Transferable and Generic Skills (Graduate Attributes)

Graduate Attributes are the personal qualities, skills and understanding you can develop during your studies. They include but extend beyond your knowledge of an academic discipline and its technical proficiencies. Graduate Attributes are important because they equip you for the challenge of contributing to your chosen profession and may enable you to take a leading role in shaping the society in which you live.

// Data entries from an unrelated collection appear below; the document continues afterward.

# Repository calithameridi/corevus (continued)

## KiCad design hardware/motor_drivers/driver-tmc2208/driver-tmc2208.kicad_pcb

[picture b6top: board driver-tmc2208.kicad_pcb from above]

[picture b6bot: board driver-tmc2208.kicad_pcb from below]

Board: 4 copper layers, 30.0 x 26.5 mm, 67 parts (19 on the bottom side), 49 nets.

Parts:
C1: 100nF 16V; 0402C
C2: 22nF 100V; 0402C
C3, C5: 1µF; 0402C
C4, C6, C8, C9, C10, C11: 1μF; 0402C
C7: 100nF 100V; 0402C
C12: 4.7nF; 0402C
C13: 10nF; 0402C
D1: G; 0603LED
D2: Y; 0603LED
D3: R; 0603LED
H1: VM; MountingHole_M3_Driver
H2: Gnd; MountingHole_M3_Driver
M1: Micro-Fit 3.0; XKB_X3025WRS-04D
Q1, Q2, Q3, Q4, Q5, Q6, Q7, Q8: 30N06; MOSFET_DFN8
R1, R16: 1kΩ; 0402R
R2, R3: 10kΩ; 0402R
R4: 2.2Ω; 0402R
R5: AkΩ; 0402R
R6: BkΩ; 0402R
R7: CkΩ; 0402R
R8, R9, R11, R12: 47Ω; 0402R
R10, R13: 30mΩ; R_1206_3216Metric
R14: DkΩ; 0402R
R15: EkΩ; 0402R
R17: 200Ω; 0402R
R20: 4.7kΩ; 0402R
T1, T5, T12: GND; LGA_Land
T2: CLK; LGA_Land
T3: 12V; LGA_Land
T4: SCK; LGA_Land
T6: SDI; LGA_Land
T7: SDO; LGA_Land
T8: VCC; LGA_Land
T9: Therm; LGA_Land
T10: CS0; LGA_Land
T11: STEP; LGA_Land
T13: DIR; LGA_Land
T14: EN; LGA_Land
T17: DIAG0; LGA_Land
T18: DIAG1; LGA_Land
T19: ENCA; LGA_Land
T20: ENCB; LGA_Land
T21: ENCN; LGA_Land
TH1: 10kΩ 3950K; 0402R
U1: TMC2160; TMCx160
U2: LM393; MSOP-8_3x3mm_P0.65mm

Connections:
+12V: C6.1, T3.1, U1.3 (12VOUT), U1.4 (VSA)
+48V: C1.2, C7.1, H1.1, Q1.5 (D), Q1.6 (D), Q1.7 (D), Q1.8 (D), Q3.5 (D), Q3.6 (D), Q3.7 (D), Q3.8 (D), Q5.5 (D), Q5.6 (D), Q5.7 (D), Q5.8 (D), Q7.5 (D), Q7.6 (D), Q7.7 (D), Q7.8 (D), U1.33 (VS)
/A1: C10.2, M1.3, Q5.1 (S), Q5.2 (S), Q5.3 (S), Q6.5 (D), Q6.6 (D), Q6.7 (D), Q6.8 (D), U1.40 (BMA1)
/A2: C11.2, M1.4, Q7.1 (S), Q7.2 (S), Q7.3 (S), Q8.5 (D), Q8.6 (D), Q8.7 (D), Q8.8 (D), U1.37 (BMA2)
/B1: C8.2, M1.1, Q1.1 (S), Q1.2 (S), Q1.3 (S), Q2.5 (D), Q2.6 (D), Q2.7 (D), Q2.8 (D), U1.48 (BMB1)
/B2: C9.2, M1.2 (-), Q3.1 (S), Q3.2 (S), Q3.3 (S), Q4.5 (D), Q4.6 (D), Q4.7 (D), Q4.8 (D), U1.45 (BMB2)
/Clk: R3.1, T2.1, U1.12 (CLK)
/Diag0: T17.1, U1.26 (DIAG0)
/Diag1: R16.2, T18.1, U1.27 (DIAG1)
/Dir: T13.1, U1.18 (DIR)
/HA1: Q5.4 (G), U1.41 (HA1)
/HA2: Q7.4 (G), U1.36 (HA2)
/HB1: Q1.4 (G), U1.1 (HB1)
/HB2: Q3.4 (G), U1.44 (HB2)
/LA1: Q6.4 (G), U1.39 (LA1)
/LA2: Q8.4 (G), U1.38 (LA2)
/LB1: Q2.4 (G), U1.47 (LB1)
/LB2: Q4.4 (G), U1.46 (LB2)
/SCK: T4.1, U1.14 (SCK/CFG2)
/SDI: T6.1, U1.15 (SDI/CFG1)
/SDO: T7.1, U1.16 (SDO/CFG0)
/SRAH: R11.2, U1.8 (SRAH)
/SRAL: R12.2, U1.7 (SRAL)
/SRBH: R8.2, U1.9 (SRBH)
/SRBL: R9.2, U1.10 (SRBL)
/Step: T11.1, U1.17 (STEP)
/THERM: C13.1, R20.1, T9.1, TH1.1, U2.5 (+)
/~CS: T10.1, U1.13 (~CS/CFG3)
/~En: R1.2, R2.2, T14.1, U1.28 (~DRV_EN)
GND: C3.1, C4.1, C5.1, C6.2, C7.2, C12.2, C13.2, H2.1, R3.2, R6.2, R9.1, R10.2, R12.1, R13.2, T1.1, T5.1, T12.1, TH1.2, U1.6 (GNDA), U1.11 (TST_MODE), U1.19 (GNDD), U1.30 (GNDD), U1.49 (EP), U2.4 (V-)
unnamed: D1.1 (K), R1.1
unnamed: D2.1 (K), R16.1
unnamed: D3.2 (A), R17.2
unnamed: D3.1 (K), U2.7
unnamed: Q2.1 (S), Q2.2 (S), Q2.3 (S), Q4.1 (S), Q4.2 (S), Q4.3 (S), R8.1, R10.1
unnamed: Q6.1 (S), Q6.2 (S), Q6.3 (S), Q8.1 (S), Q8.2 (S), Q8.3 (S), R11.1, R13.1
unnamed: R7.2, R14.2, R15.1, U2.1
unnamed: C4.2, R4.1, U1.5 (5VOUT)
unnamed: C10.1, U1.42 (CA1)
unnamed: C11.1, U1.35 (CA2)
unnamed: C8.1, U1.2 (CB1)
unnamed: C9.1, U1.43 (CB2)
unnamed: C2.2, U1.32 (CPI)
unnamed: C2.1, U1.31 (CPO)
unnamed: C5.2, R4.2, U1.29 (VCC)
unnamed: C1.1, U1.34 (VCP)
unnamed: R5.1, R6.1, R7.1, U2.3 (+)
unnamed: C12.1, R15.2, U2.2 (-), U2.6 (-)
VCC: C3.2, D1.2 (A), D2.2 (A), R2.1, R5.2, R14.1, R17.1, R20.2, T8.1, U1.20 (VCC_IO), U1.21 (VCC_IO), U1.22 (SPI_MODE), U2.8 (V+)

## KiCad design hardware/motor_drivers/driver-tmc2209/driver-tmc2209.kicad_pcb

We offer you the opportunity to develop these attributes through your successful engagement with the learning and teaching of your programme and your active participation in University life. The skills, knowledge and personal qualities that underpin the Graduate Attributes are supported by your discipline. As such, each attribute is enriched, made distinct and expressed through the variety of learning experiences you will experience. Your development of Graduate Attributes presumes basic competencies on entry to the University.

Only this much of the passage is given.